Although the proposed SARIMAX model with skew-normal errors exhibits slightly higher RMSE compared to the classical ARIMA model, this trade-off is justified by a more realistic representation of the residual structure. The incorporation of skewness enhances the model’s interpretability, particularly in datasets with asymmetry, which classical models fail to capture. Furthermore, the improvement in AIC indicates a better balance between model fit and complexity, underscoring the practical relevance of using skewed error structures in applied forecasting scenarios.
Implications for Decision Makers
For practitioners and decision-makers, the findings offer several actionable insights:
Enhanced Forecasting Accuracy: The proposed models provide reliable forecasts even under challenging conditions such as zero inflation or extreme skewness, making them applicable to fields like finance, retail, and environmental monitoring.

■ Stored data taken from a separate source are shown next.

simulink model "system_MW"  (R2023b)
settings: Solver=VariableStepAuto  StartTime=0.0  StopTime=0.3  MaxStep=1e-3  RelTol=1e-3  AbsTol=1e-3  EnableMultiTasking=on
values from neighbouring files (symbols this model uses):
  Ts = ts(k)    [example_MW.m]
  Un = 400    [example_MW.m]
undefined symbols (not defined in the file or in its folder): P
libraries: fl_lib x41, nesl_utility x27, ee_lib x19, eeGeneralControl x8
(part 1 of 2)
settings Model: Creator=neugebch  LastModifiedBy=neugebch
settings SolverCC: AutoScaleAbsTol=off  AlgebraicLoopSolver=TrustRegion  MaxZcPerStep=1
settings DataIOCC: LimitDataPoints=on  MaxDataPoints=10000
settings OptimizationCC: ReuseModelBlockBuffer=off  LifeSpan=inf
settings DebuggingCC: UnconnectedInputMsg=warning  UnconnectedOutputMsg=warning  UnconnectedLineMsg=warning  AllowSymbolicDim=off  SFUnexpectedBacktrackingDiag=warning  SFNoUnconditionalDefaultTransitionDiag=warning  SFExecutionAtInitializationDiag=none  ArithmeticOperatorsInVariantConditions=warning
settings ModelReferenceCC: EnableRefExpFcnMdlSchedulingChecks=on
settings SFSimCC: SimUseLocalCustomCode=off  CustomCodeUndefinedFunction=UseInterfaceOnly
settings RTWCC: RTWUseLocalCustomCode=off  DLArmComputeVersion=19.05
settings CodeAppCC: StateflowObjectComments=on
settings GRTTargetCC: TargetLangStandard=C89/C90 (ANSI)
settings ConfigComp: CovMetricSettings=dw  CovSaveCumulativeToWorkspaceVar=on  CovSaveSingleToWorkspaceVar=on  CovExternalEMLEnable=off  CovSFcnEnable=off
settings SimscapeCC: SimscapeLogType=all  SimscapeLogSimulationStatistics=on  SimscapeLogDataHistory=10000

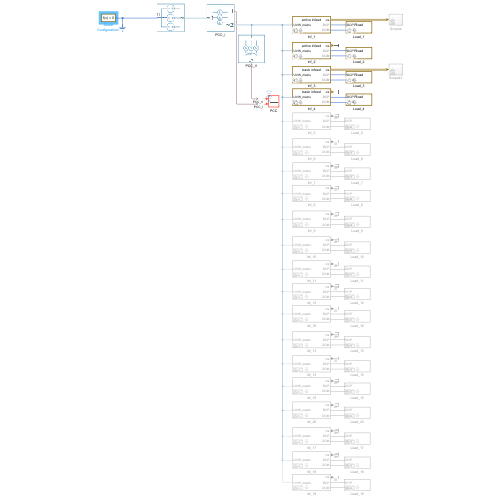
[thumbnail: Simulink's stored preview of the top-level diagram]
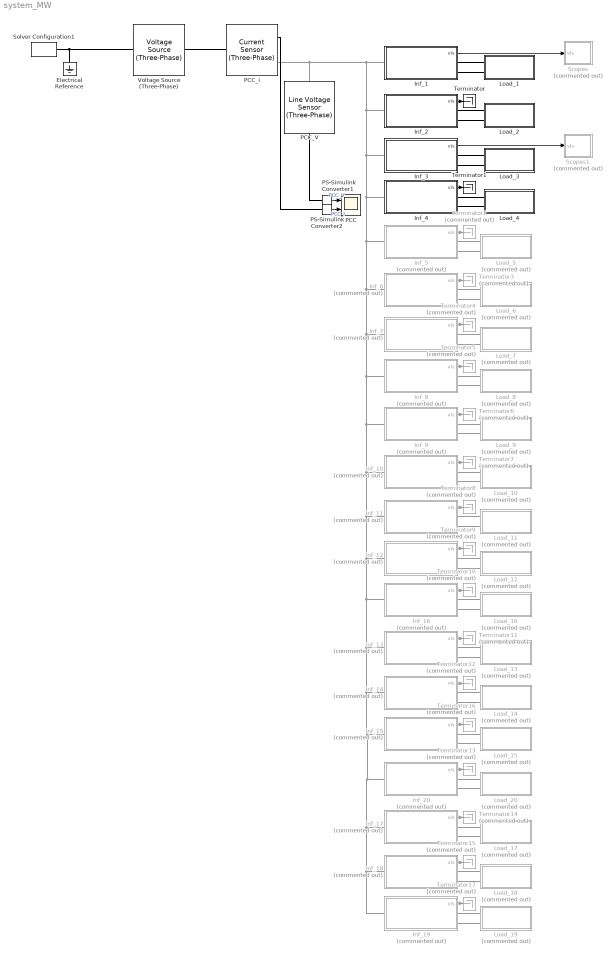
== system system_MW ==
  Electrical Reference : fl_lib/Electrical/Electrical Elements/Electrical Reference
  Inf_1 : Subsystem  Variant=on  mask{P=P(1), Ts=Ts}
  Inf_10 : Subsystem  Commented=on  Variant=on  mask{P=P(10), Ts=Ts}
  Inf_11 : Subsystem  Commented=on  Variant=on  mask{P=P(11), Ts=Ts}
  Inf_12 : Subsystem  Commented=on  Variant=on  mask{P=P(12), Ts=Ts}
  Inf_13 : Subsystem  Commented=on  Variant=on  mask{P=P(14), Ts=Ts}
  Inf_14 : Subsystem  Commented=on  Variant=on  mask{P=P(15), Ts=Ts}
  Inf_15 : Subsystem  Commented=on  Variant=on  mask{P=P(16), Ts=Ts}
  Inf_16 : Subsystem  Commented=on  Variant=on  mask{P=P(13), Ts=Ts}
  Inf_17 : Subsystem  Commented=on  Variant=on  mask{P=P(18), Ts=Ts}
  Inf_18 : Subsystem  Commented=on  Variant=on  mask{P=P(19), Ts=Ts}
  Inf_19 : Subsystem  Commented=on  Variant=on  mask{P=P(20), Ts=Ts}
  Inf_2 : Subsystem  Variant=on  mask{P=P(2), Ts=Ts}
  Inf_20 : Subsystem  Commented=on  Variant=on  mask{P=P(17), Ts=Ts}
  Inf_3 : Subsystem  Variant=on  mask{P=P(3), Ts=Ts}
  Inf_4 : Subsystem  Variant=on  mask{P=P(4), Ts=Ts}
  Inf_5 : Subsystem  Commented=on  Variant=on  mask{P=P(5), Ts=Ts}
  Inf_6 : Subsystem  Commented=on  Variant=on  mask{P=P(6), Ts=Ts}
  Inf_7 : Subsystem  Commented=on  Variant=on  mask{P=P(7), Ts=Ts}
  Inf_8 : Subsystem  Commented=on  Variant=on  mask{P=P(8), Ts=Ts}
  Inf_9 : Subsystem  Commented=on  Variant=on  mask{P=P(9), Ts=Ts}
  Load_1 : Subsystem  Variant=on  mask{P=P(1)}
  Load_10 : Subsystem  Commented=on  Variant=on  mask{P=P(10)}
  Load_11 : Subsystem  Commented=on  Variant=on  mask{P=P(11)}
  Load_12 : Subsystem  Commented=on  Variant=on  mask{P=P(12)}
  Load_13 : Subsystem  Commented=on  Variant=on  mask{P=P(14)}
  Load_14 : Subsystem  Commented=on  Variant=on  mask{P=P(15)}
  Load_15 : Subsystem  Commented=on  Variant=on  mask{P=P(16)}
  Load_16 : Subsystem  Commented=on  Variant=on  mask{P=P(13)}
  Load_17 : Subsystem  Commented=on  Variant=on  mask{P=P(18)}
  Load_18 : Subsystem  Commented=on  Variant=on  mask{P=P(19)}
  Load_19 : Subsystem  Commented=on  Variant=on  mask{P=P(20)}
  Load_2 : Subsystem  Variant=on  mask{P=P(2)}
  Load_20 : Subsystem  Commented=on  Variant=on  mask{P=P(17)}
  Load_3 : Subsystem  Variant=on  mask{P=P(3)}
  Load_4 : Subsystem  Variant=on  mask{P=P(4)}
  Load_5 : Subsystem  Commented=on  Variant=on  mask{P=P(5)}
  Load_6 : Subsystem  Commented=on  Variant=on  mask{P=P(6)}
  Load_7 : Subsystem  Commented=on  Variant=on  mask{P=P(7)}
  Load_8 : Subsystem  Commented=on  Variant=on  mask{P=P(8)}
  Load_9 : Subsystem  Commented=on  Variant=on  mask{P=P(9)}
  PCC : Scope  NumInputPorts=2
  PCC_V : ee_lib/Sensors & Transducers/Line Voltage Sensor (Three-Phase)
      settings: LogSimulationData=on
  PCC_i : ee_lib/Sensors & Transducers/Current Sensor (Three-Phase)
      settings: LogSimulationData=on
  PS-Simulink Converter1 : nesl_utility/PS-Simulink Converter  PhysicalDomain=network_engine_domain  SubClassName=ps_output  LeftPortType=input  RightPortType=output  PseudoPeriodic=off  Frequencies=[]  VectorFormat=inherit  Unit=inherit  AffineConversion=off
  PS-Simulink Converter2 : nesl_utility/PS-Simulink Converter  PhysicalDomain=network_engine_domain  SubClassName=ps_output  LeftPortType=input  RightPortType=output  PseudoPeriodic=off  Frequencies=[]  VectorFormat=inherit  Unit=inherit  AffineConversion=off
  Scopes : Subsystem  Commented=on
  Scopes1 : Subsystem  Commented=on
  Solver Configuration1 : nesl_utility/Solver Configuration  PhysicalDomain=network_engine_domain  SubClassName=solver  LeftPortType=input  RightPortType=generic  Tones=[]  Harmonics=[]  SimulateNoise=off  Profile=off  UseLocalSampling=off  EnableSwitchedLinearOptims=on  FrequencyDomain=off  UseCCode=off  RelTol=0.001  AbsTol=1e-06  MinStep=1e-09  ToWorkspace=off  RevertToSquareIcSolve=off  NumHomotopyIterations=100  PhasorMode=off  PhasorModeNumHarmonics=1  ConsistencySolver=NEWTON_FTOL  IndexReductionMethod=DerivativeReplacement  DoDC=off  ResidualTolerance=1e-09  ConsistencyTolSource=GLOBAL  ConsistencyAbsTol=0.001  ConsistencyRelTol=0.001  ConsistencyTolFactor=0.001  UseLocalSolver=on  LocalSolverChoice=NE_TRAPEZOIDAL_ADVANCER  ResolveIndetEquations=on  FunctionEvalNumThread=1  LocalSolverSampleTime=Ts  DoFixedCost=on  MaxNonlinIter=5  MaxModeIter=2  ComputeImpulses=off  ImpulseIterations=1  LinearAlgebra=auto  LinearAlgebraNumThread=0  EquationFormulation=NE_TIME_EF  DelaysMemoryBudget=1024  AutomaticFiltering=on  FilteringTimeConstant=0.001  PartitionStorageMethod=AS_NEEDED  PartitionMemoryBudget=1024  PartitionMethod=ROBUST  MultibodyUseLocalSolver=off  MultibodyLocalSolverChoice=ODE1  MultibodyLocalSolverSampleTime=0.001
  Terminator : Terminator
  Terminator1 : Terminator
  Terminator{2..17} (16 alike) : Terminator  Commented=on
  Voltage Source (Three-Phase) : ee_lib/Sources/Voltage Source (Three-Phase)  vline_rms=sqrt(3/2) * Un V  shift=0 deg  freq=fn Hz  impedance_option=1  SShortCircuit=Skv A*V  XR=X_R  R=0.01 Ohm  L=3.97e-4 H  harmonic_option=0  harmonic_orders=[5, 7, 11, 13]  harmonic_ratios=[.1, .1, .1, .1]  G_parasitic=0 1/Ohm  I_specify=off  I_priority=None  I=[0, 0, 0] A  I_nominal_specify=off  I_nominal_unit=A  I_nominal_value=1
  wires:
  Inf_1/1(vis) -> Scopes/1(vis)
  Inf_3/1(vis) -> Scopes1/1(vis)
  PS-Simulink Converter1/1 -> PCC/1  "PCC_V"
  PS-Simulink Converter2/1 -> PCC/2  "PCC_I"
  Inf_2/1(vis) -> Terminator/1
  Inf_4/1(vis) -> Terminator1/1
  Inf_5/1(vis) -> Terminator2/1
  Inf_6/1(vis) -> Terminator3/1
  Inf_7/1(vis) -> Terminator4/1
  Inf_8/1(vis) -> Terminator5/1
  Inf_9/1(vis) -> Terminator6/1
  Inf_10/1(vis) -> Terminator7/1
  Inf_11/1(vis) -> Terminator8/1
  Inf_12/1(vis) -> Terminator9/1
  Inf_16/1(vis) -> Terminator10/1
  Inf_13/1(vis) -> Terminator11/1
  Inf_14/1(vis) -> Terminator12/1
  Inf_15/1(vis) -> Terminator16/1
  Inf_20/1(vis) -> Terminator13/1
  Inf_17/1(vis) -> Terminator14/1
  Inf_18/1(vis) -> Terminator15/1
  Inf_19/1(vis) -> Terminator17/1
  connections:
  Solver Configuration1/RConn1 -- Voltage Source (Three-Phase)/LConn1 -- Electrical Reference/LConn1
  Inf_18/LConn1 -- Inf_20/LConn1 -- Inf_14/LConn1 -- Inf_13/LConn1 -- Inf_10/LConn1 -- Inf_7/LConn1 -- Inf_2/LConn1 -- PCC_V/LConn1 -- PCC_i/RConn2 -- Inf_1/LConn1 -- Inf_3/LConn1 -- Inf_4/LConn1 -- Inf_5/LConn1 -- Inf_6/LConn1 -- Inf_8/LConn1 -- Inf_9/LConn1 -- Inf_11/LConn1 -- Inf_12/LConn1 -- Inf_16/LConn1 -- Inf_15/LConn1 -- Inf_17/LConn1 -- Inf_19/LConn1
  PS-Simulink Converter1/LConn1 -- PCC_V/RConn1
  Load_1/LConn1 -- Inf_1/RConn1
  Load_1/LConn2 -- Inf_1/RConn2
  Load_2/LConn1 -- Inf_2/RConn1
  Load_2/LConn2 -- Inf_2/RConn2
  Load_3/LConn1 -- Inf_3/RConn1
  Load_3/LConn2 -- Inf_3/RConn2
  Voltage Source (Three-Phase)/RConn1 -- PCC_i/LConn1
  PS-Simulink Converter2/LConn1 -- PCC_i/RConn1
  Load_4/LConn2 -- Inf_4/RConn2
  Load_4/LConn1 -- Inf_4/RConn1
  Load_8/LConn1 -- Inf_8/RConn1
  Load_6/LConn2 -- Inf_6/RConn2
  Inf_5/RConn2 -- Load_5/LConn2
  Load_6/LConn1 -- Inf_6/RConn1
  Load_7/LConn2 -- Inf_7/RConn2
  Load_8/LConn2 -- Inf_8/RConn2
  Inf_5/RConn1 -- Load_5/LConn1
  Load_7/LConn1 -- Inf_7/RConn1
  Load_11/LConn1 -- Inf_11/RConn1
  Inf_9/RConn1 -- Load_9/LConn1
  Load_10/LConn1 -- Inf_10/RConn1
  Load_12/LConn2 -- Inf_12/RConn2
  Load_11/LConn2 -- Inf_11/RConn2
  Inf_9/RConn2 -- Load_9/LConn2
  Load_12/LConn1 -- Inf_12/RConn1
  Load_10/LConn2 -- Inf_10/RConn2
  Load_13/LConn2 -- Inf_13/RConn2
  Load_15/LConn1 -- Inf_15/RConn1
  Load_14/LConn2 -- Inf_14/RConn2
  Inf_16/RConn2 -- Load_16/LConn2
  Load_15/LConn2 -- Inf_15/RConn2
  Load_13/LConn1 -- Inf_13/RConn1
  Load_14/LConn1 -- Inf_14/RConn1
  Inf_16/RConn1 -- Load_16/LConn1
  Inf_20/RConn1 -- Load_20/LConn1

Tailored Model Selection: Depending on the nature of the data (e.g., zero-inflated, positively skewed), decision-makers can select and customize the appropriate model variant to optimize predictive performance.
Risk Management: By accurately capturing uncertainty through confidence intervals, the models enable better risk assessment and decision-making in volatile or uncertain environments.
Limitations
While the models performed well across the different scenarios, some limitations remain:
The zero-inflated SARIMAX model relies heavily on the correct specification of the logistic regression component, which may not generalize well to more complex zero-inflated patterns.
The log-transformed SARIMAX struggles with extreme skewness, suggesting that alternative transformations or error distributions (e.g., skew-t) could be explored.
Model evaluation was limited to simulated data; application to real-world datasets may reveal additional challenges.
While the proposed models improve the representation of residual structures and model fitting, several limitations must be acknowledged. First, identifiability is ensured through constrained parameter spaces and appropriate initialization strategies, but complex models may still risk convergence to local optima. Second, the incorporation of skew-normal and zero-inflated components increases computational complexity, particularly during maximum likelihood or EM-based estimation. Finally, parameter sensitivity (especially for the skewness () and zero-inflation probability (p)), may arise in small samples or when exogenous variables exhibit multicollinearity. These considerations are important when applying the model to large-scale or noisy datasets.
Future work: Beyond the skew-normal and zero-inflated skew-normal formulations explored in this study, alternative error structures, such as the skew-t distribution, offer greater flexibility by accounting for heavy tails in addition to asymmetry. Likewise, COM-Poisson time series models provide a useful framework for count data exhibiting both overdispersion and zero inflation. Although a comparative analysis with these models is not included here, future work could investigate the relative performance of these approaches in similar settings. Could include extending the model to incorporate dynamic skewness parameters: testing alternative distributions (e.g., skew-t, beta) for residuals, applying the methodology to real-world time series datasets, such as financial or environmental data, to assess robustness and scalability.
An interesting direction for future work involves extending the proposed framework to multivariate or multiple-series time series models. For example, incorporating skew-normal or zero-inflated error structures into vector autoregressive (VAR) models or dynamic factor models could allow the joint modeling of multiple correlated time series that exhibit asymmetry or excess zeros. Such approaches could be particularly relevant in applications involving panel data, environmental monitoring, or interconnected biological processes.
6. Conclusions
This study demonstrates the flexibility of SARIMAX models enhanced with skew-normal and zero-inflated error distributions to handle both asymmetry and intermittency. The simulation results highlight the capacity of these models to produce reliable forecasts under diverse error structures. Future work could explore applications in fields such as inventory management, where intermittency and skewness are common.